HomeTemat głównyBurmistrzu! Jest sprawa…

Burmistrzu! Jest sprawa…

burmistrz

Czy trudno jest się umówić na rozmowę z włodarzem Łęczycy? W urzędzie nie ma wyznaczonego dnia przyjęć petentów, a jednak burmistrz – jak usłyszeliśmy – znajduje czas na spotkania z mieszkańcami.

Przedstawiciele wydziału promocji łęczyckiego magistratu zapewniają, że wcale nie jest trudno porozmawiać z Pawłem Kuleszą.

– Wystarczy wcześniej zadzwonić do sekretariatu i umówić się na spotkanie. Jak tylko pan burmistrz dysponuje czasem, to zawsze takie spotkania dochodzą do skutku. Jest też wiele osób, które dysponują bezpośrednim telefonem do burmistrza. Gdy nie ma potrzeby rozmowy w magistracie, to sprawa załatwiana jest telefonicznie – słyszymy od bliskich współpracowników burmistrza Pawła Kuleszy.

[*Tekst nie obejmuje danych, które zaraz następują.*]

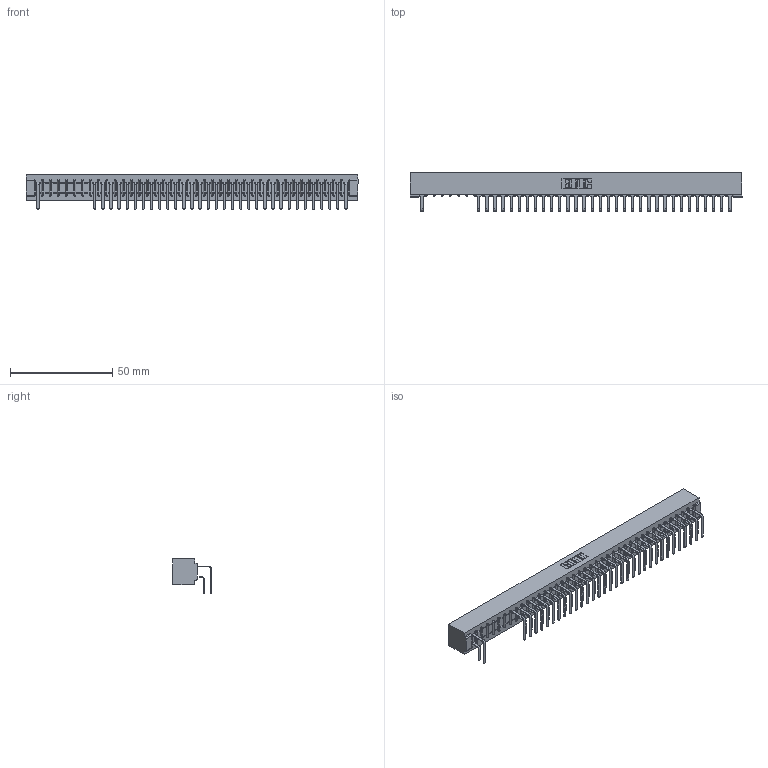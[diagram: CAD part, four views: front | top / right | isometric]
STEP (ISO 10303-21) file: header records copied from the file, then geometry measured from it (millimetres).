
FILE_DESCRIPTION (( 'STEP AP203' ), '1' );
FILE_NAME ('307-078-558-201.STEP', '2018-08-06T17:58:52', ( '' ), ( '' ), 'SwSTEP 2.0', 'SolidWorks 2016', '' );
FILE_SCHEMA (( 'CONFIG_CONTROL_DESIGN' ));
Length unit declared in the file: inch
Products named in the file (4): 307-290-001_558 - 2 (Single); 307-078-558-201; 307 Part_No Mounting Lugs; 307-290-001_558 559 - 1 (Single)
Assembly tree (66 placements, depth 2):
  307-078-558-201
    307 Part_No Mounting Lugs
    307-290-001_558 559 - 1 (Single)  x32
    307-290-001_558 - 2 (Single)  x33
Bounding box: 162.41 x 18.96 x 16.8 mm (x, y, z)
Volume: 17917.9 mm3; surface area: 22762.2 mm2
Topology: 66 solids, 66 shells, 3530 faces, 9945 edges, 6434 vertices
Faces by surface type: plane 2289, cylinder 1161, sphere 80
Entity records: 35805 total; most frequent: CARTESIAN_POINT 5912, ORIENTED_EDGE 5870, DIRECTION 5777, EDGE_CURVE 2935, VECTOR 2251, LINE 2251, VERTEX_POINT 1898, AXIS2_PLACEMENT_3D 1763

Włodarz potwierdza, że spotkania z mieszkańcami są dla niego ważne.

– Rozmawiamy głównie o kwestiach związanych z życiem na osiedlach, inwestycjach. Dominują sprawy bliskie mieszkańcom związane z remontami dróg i chodników, dostępnością mieszkań komunalnych oraz socjalnych, nowymi nasadzeniami roślinności, porządkiem i bezpieczeństwem w mieście – mówi P. Kulesza.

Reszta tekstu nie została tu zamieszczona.